▸ **Your instructions**
Identify, in the records below, every line where the string "linetype" appears, and copy each such line.

== Data in this exercise

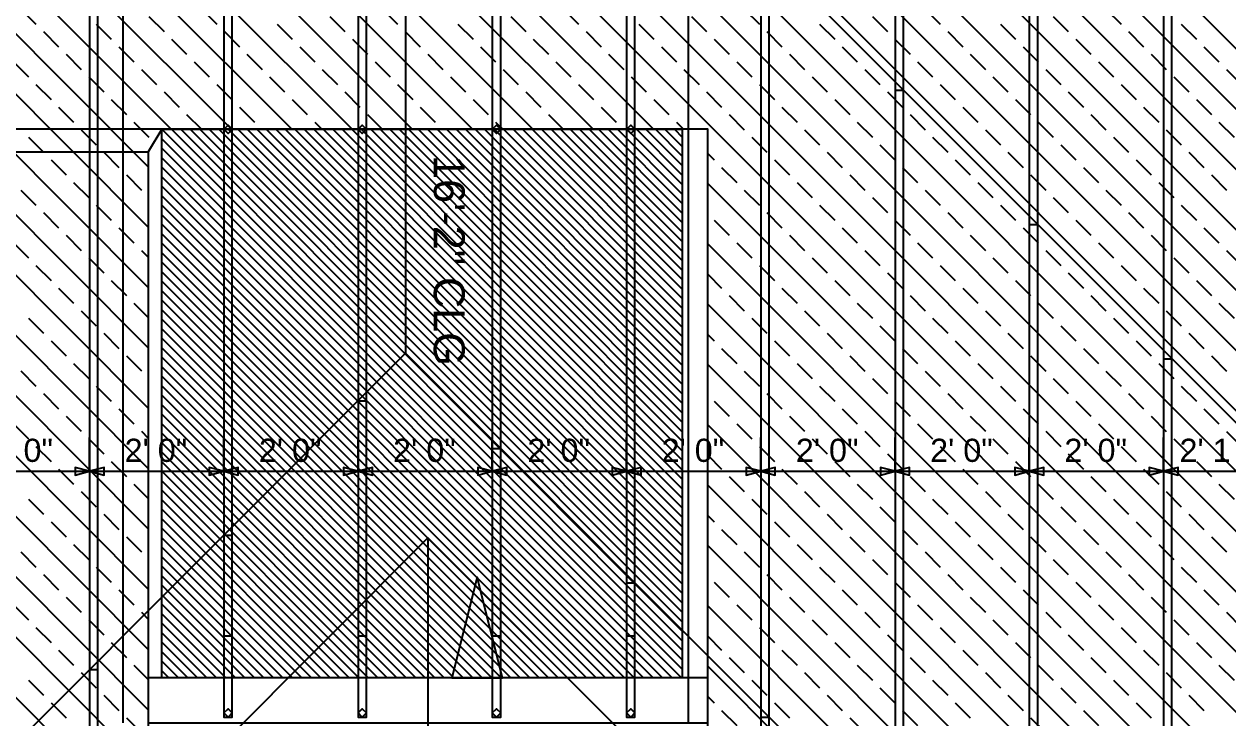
# Model space of a CAD drawing. Header units: inches. Extents: x -25328 to 8149, y -5530 to 4336.
# Drawn here: x 1346.8 to 1562.1, y 2677.9 to 2801.9 of the extents above; entities that cross this region are included whole.
import ezdxf

# ---------------------------------------------------------------- set-up
doc = ezdxf.new("R2010")
doc.units = ezdxf.units.IN
doc.header["$LTSCALE"] = 16
doc.header["$MEASUREMENT"] = 0
doc.layers.get('0').update_dxf_attribs({"linetype": 'CONTINUOUS'})
for name, color, linetype in [('1st_Floor_Objects_Dimensions', 7, 'CONTINUOUS'), ('1st_Floor_Objects_Non-Associativ', 7, 'CONTINUOUS'), ('1st_Floor_Objects_Planes', 7, 'CONTINUOUS'), ('1st_Floor_Objects_Roof_Framing', 40, 'CONTINUOUS'), ('1st_Floor_Objects_Roof_Truss', 40, 'CONTINUOUS'), ('1st_Floor_Objects_Walls', 7, 'CONTINUOUS')]:
    doc.layers.add(name, color=color, linetype=linetype)
doc.styles.add('ARIAL', font='arial.ttf', dxfattribs={"height": 13.333333})

msp = doc.modelspace()

# ---------------------------------------------------------------- linework, layer by layer
at = {"layer": '1st_Floor_Objects_Dimensions', "color": 7}
for p, q in [((1358.55624095, 2722.00337725), (1358.55624095, 2728.00337725)), ((1358.55624095, 2722.00337725), (1358.55624095, 2728.00337725)), ((1382.55624095, 2722.00337725), (1382.55624095, 2728.00337725)), ((1382.55624095, 2722.00337725), (1382.55624095, 2728.00337725)), ((1406.55624095, 2722.00337725), (1406.55624095, 2728.00337725)), ((1406.55624095, 2722.00337725), (1406.55624095, 2728.00337725)), ((1430.55624095, 2722.00337725), (1430.55624095, 2728.00337725)), ((1430.55624095, 2722.00337725), (1430.55624095, 2728.00337725)), ((1454.55624095, 2722.00337725), (1454.55624095, 2728.00337725)), ((1454.55624095, 2722.00337725), (1454.55624095, 2728.00337725)), ((1478.55624095, 2722.00337725), (1478.55624095, 2728.00337725)), ((1478.55624095, 2722.00337725), (1478.55624095, 2728.00337725)), ((1502.55624095, 2722.00337725), (1502.55624095, 2728.00337725)), ((1502.55624095, 2722.00337725), (1502.55624095, 2728.00337725)), ((1526.55624095, 2722.00337725), (1526.55624095, 2728.00337725)), ((1526.55624095, 2722.00337725), (1526.55624095, 2728.00337725)), ((1550.55626384, 2722.00337725), (1550.55626384, 2728.00337725)), ((1550.55626384, 2722.00337725), (1550.55626384, 2728.00337725)), ((1334.55619517, 2722.00337725), (1358.55624095, 2722.00337725)), ((1358.55624095, 2722.00337725), (1358.55624095, 2716.00337725)), ((1358.55624095, 2722.00337725), (1358.55624095, 2716.00337725)), ((1358.55624095, 2722.00337725), (1382.55624095, 2722.00337725)), ((1382.55624095, 2722.00337725), (1382.55624095, 2716.00337725)), ((1382.55624095, 2722.00337725), (1382.55624095, 2716.00337725)), ((1382.55624095, 2722.00337725), (1406.55624095, 2722.00337725)), ((1406.55624095, 2722.00337725), (1406.55624095, 2716.00337725)), ((1406.55624095, 2722.00337725), (1406.55624095, 2716.00337725)), ((1406.55624095, 2722.00337725), (1430.55624095, 2722.00337725)), ((1430.55624095, 2722.00337725), (1430.55624095, 2716.00337725)), ((1430.55624095, 2722.00337725), (1430.55624095, 2716.00337725)), ((1430.55624095, 2722.00337725), (1454.55624095, 2722.00337725)), ((1454.55624095, 2722.00337725), (1454.55624095, 2716.00337725)), ((1454.55624095, 2722.00337725), (1454.55624095, 2716.00337725)), ((1454.55624095, 2722.00337725), (1478.55624095, 2722.00337725)), ((1478.55624095, 2722.00337725), (1478.55624095, 2716.00337725)), ((1478.55624095, 2722.00337725), (1478.55624095, 2716.00337725)), ((1478.55624095, 2722.00337725), (1502.55624095, 2722.00337725)), ((1502.55624095, 2722.00337725), (1502.55624095, 2716.00337725)), ((1502.55624095, 2722.00337725), (1502.55624095, 2716.00337725)), ((1502.55624095, 2722.00337725), (1526.55624095, 2722.00337725)), ((1526.55624095, 2722.00337725), (1526.55624095, 2716.00337725)), ((1526.55624095, 2722.00337725), (1526.55624095, 2716.00337725)), ((1526.55624095, 2722.00337725), (1550.55626384, 2722.00337725)), ((1550.55626384, 2722.00337725), (1550.55626384, 2716.00337725)), ((1550.55626384, 2722.00337725), (1550.55626384, 2716.00337725)), ((1550.55626384, 2722.00337725), (1576.05626384, 2722.00337725))]:
    msp.add_line(p, q, dxfattribs=at)
for points in [[(1358.55624095, 2722.00337725), (1355.96433726, 2722.6978963), (1355.96433726, 2721.30885821), (1358.55624095, 2722.00337725)], [(1358.55624095, 2722.00337725), (1361.14814463, 2721.30885821), (1361.14814463, 2722.6978963), (1358.55624095, 2722.00337725)], [(1382.55624095, 2722.00337725), (1379.96433726, 2722.6978963), (1379.96433726, 2721.30885821), (1382.55624095, 2722.00337725)], [(1382.55624095, 2722.00337725), (1385.14814463, 2721.30885821), (1385.14814463, 2722.6978963), (1382.55624095, 2722.00337725)], [(1406.55624095, 2722.00337725), (1403.96433726, 2722.6978963), (1403.96433726, 2721.30885821), (1406.55624095, 2722.00337725)], [(1406.55624095, 2722.00337725), (1409.14814463, 2721.30885821), (1409.14814463, 2722.6978963), (1406.55624095, 2722.00337725)], [(1430.55624095, 2722.00337725), (1427.96433726, 2722.6978963), (1427.96433726, 2721.30885821), (1430.55624095, 2722.00337725)], [(1430.55624095, 2722.00337725), (1433.14814463, 2721.30885821), (1433.14814463, 2722.6978963), (1430.55624095, 2722.00337725)], [(1454.55624095, 2722.00337725), (1451.96433726, 2722.6978963), (1451.96433726, 2721.30885821), (1454.55624095, 2722.00337725)], [(1454.55624095, 2722.00337725), (1457.14814463, 2721.30885821), (1457.14814463, 2722.6978963), (1454.55624095, 2722.00337725)], [(1478.55624095, 2722.00337725), (1475.96433726, 2722.6978963), (1475.96433726, 2721.30885821), (1478.55624095, 2722.00337725)], [(1478.55624095, 2722.00337725), (1481.14814463, 2721.30885821), (1481.14814463, 2722.6978963), (1478.55624095, 2722.00337725)], [(1502.55624095, 2722.00337725), (1499.96433726, 2722.6978963), (1499.96433726, 2721.30885821), (1502.55624095, 2722.00337725)], [(1502.55624095, 2722.00337725), (1505.14814463, 2721.30885821), (1505.14814463, 2722.6978963), (1502.55624095, 2722.00337725)], [(1526.55624095, 2722.00337725), (1523.96433726, 2722.6978963), (1523.96433726, 2721.30885821), (1526.55624095, 2722.00337725)], [(1526.55624095, 2722.00337725), (1529.14814463, 2721.30885821), (1529.14814463, 2722.6978963), (1526.55624095, 2722.00337725)], [(1550.55626384, 2722.00337725), (1547.96436015, 2722.6978963), (1547.96436015, 2721.30885821), (1550.55626384, 2722.00337725)], [(1550.55626384, 2722.00337725), (1553.14816752, 2721.30885821), (1553.14816752, 2722.6978963), (1550.55626384, 2722.00337725)]]:
    msp.add_lwpolyline(points, close=True, dxfattribs=at).dxf.unprotected_set("ltscale", 0)
at = {"layer": '1st_Floor_Objects_Non-Associativ', "color": 7}
for p, q in [((1296.55608836, 2870.45503741), (1383.92518321, 2783.08598834)), ((1296.55608836, 2859.67886859), (1373.14896861, 2783.08598834)), ((1296.55608836, 2848.9024251), (1369.05628672, 2776.40227252)), ((1334.52048961, 2843.26707965), (1394.70158091, 2783.08598834)), ((1345.2967042, 2843.26707965), (1405.47779551, 2783.08598834)), ((1356.07310191, 2843.26707965), (1416.25419322, 2783.08598834)), ((1366.84931651, 2843.26707965), (1427.03040782, 2783.08598834)), ((1377.62571421, 2843.26707965), (1437.80675975, 2783.08598834)), ((1388.40192881, 2843.26707965), (1448.58302012, 2783.08598834)), ((1399.17832652, 2843.26707965), (1459.35937205, 2783.08598834)), ((1409.95454112, 2843.26707965), (1572.52546397, 2680.69615679)), ((1420.73093882, 2843.26707965), (1572.52548686, 2691.47250872)), ((1431.50715342, 2843.26707965), (1572.52546397, 2702.2487691)), ((1442.28350535, 2843.26707965), (1572.52548686, 2713.02512103)), ((1453.05976573, 2843.26707965), (1572.52548686, 2723.8013814)), ((1463.83616343, 2843.26707965), (1572.52548686, 2734.57773333)), ((1474.61237803, 2843.26707965), (1572.52546397, 2745.35399371)), ((1485.38877574, 2843.26707965), (1572.52546397, 2756.13039141)), ((1496.16503611, 2843.26707965), (1572.52546397, 2766.90660601)), ((1506.94134227, 2843.26707965), (1572.52546397, 2777.68300372)), ((1517.71764842, 2843.26707965), (1577.79945079, 2783.18527728)), ((1296.55613414, 2838.12625628), (1369.05628672, 2765.62605792)), ((1296.55613414, 2827.3498128), (1369.05628672, 2754.84966021)), ((1296.55613414, 2816.5735982), (1369.05628672, 2744.07344561)), ((1296.55613414, 2805.79720049), (1369.05628672, 2733.29704791)), ((1346.27892772, 2804.56783038), (1348.97300425, 2801.87375384)), ((1378.60802928, 2804.56764727), (1381.30210582, 2801.87357073)), ((1410.93713084, 2804.56746417), (1413.63120738, 2801.87338763)), ((1443.2662324, 2804.56728106), (1445.96030894, 2801.87320452)), ((1475.59533397, 2804.56709796), (1478.2894105, 2801.87302142)), ((1507.92443553, 2804.56691485), (1510.61851207, 2801.87283831)), ((1540.25349131, 2804.56673174), (1542.94756785, 2801.87265521)), ((1369.17869273, 2803.22058612), (1371.87276927, 2800.52650958)), ((1401.50779429, 2803.22040301), (1404.20187083, 2800.52632647)), ((1433.83689586, 2803.2202199), (1436.53097239, 2800.52614337)), ((1466.16599742, 2803.2200368), (1468.86007396, 2800.52596026)), ((1498.49509898, 2803.21985369), (1501.18917552, 2800.52577716)), ((1530.82420054, 2803.21976214), (1533.51827708, 2800.5256856)), ((1350.32006541, 2800.52669268), (1353.01414195, 2797.83261614)), ((1359.74935618, 2801.87370806), (1362.44343272, 2799.17963153)), ((1382.64916697, 2800.52650958), (1385.34324351, 2797.83243304)), ((1392.07845774, 2801.87352496), (1394.77253428, 2799.17944842)), ((1414.97826854, 2800.52632647), (1417.67234507, 2797.83224993)), ((1424.40755931, 2801.87334185), (1427.10163585, 2799.17926531)), ((1447.3073701, 2800.52614337), (1450.00144664, 2797.83206683)), ((1456.73666087, 2801.87315875), (1459.43073741, 2799.17908221)), ((1479.63647166, 2800.52596026), (1482.3305482, 2797.83188372)), ((1489.06576243, 2801.87297564), (1491.75983897, 2799.1788991)), ((1511.96557322, 2800.52577716), (1514.65964976, 2797.83170062)), ((1521.39486399, 2801.87279254), (1524.08894053, 2799.178716)), ((1544.29460612, 2800.52559405), (1546.98868266, 2797.83151751)), ((1553.72389689, 2801.87260943), (1556.41797343, 2799.17853289)), ((1363.79049388, 2797.83257037), (1366.48457042, 2795.13849383)), ((1373.21983043, 2799.17944842), (1375.91390696, 2796.48537188)), ((1396.11959544, 2797.83238726), (1398.81367198, 2795.13831072)), ((1405.54893199, 2799.17926531), (1408.24300853, 2796.48518878)), ((1428.448697, 2797.83220416), (1431.14277354, 2795.13812762)), ((1437.87803355, 2799.17908221), (1440.57211009, 2796.48500567)), ((1460.77779857, 2797.83202105), (1463.4718751, 2795.13794451)), ((1470.20713511, 2799.1788991), (1472.90121165, 2796.48482257)), ((1493.10690013, 2797.83183795), (1495.80097667, 2795.13776141)), ((1502.53623668, 2799.178716), (1505.23031321, 2796.48463946)), ((1525.43600169, 2797.83165484), (1528.13007823, 2795.1375783)), ((1534.86533824, 2799.17862445), (1537.55941478, 2796.48454791)), ((1557.7650117, 2797.83147174), (1560.45908824, 2795.1373952)), ((1354.36120311, 2796.48555499), (1357.05527964, 2793.79147845)), ((1386.69030467, 2796.48537188), (1389.38438121, 2793.79129534)), ((1419.01940623, 2796.48518878), (1421.71348277, 2793.79111224)), ((1451.34850779, 2796.48500567), (1454.04258433, 2793.79092913)), ((1483.67760936, 2796.48482257), (1486.37168589, 2793.79074603)), ((1516.00671092, 2796.48463946), (1518.70078746, 2793.79056292)), ((1548.33572093, 2796.48445635), (1551.02979747, 2793.79037982)), ((1344.93186656, 2795.13849383), (1347.6259431, 2792.44441729)), ((1367.83163157, 2793.79143267), (1370.52570811, 2791.09735613)), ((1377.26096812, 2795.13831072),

====

▸ **Result**
doc.layers.get('0').update_dxf_attribs({"linetype": 'CONTINUOUS'})
for name, color, linetype in [('1st_Floor_Objects_Dimensions', 7, 'CONTINUOUS'), ('1st_Floor_Objects_Non-Associativ', 7, 'CONTINUOUS'), ('1st_Floor_Objects_Planes', 7, 'CONTINUOUS'), ('1st_Floor_Objects_Roof_Framing', 40, 'CONTINUOUS'), ('1st_Floor_Objects_Roof_Truss', 40, 'CONTINUOUS'), ('1st_Floor_Objects_Walls', 7, 'CONTINUOUS')]:
    doc.layers.add(name, color=color, linetype=linetype)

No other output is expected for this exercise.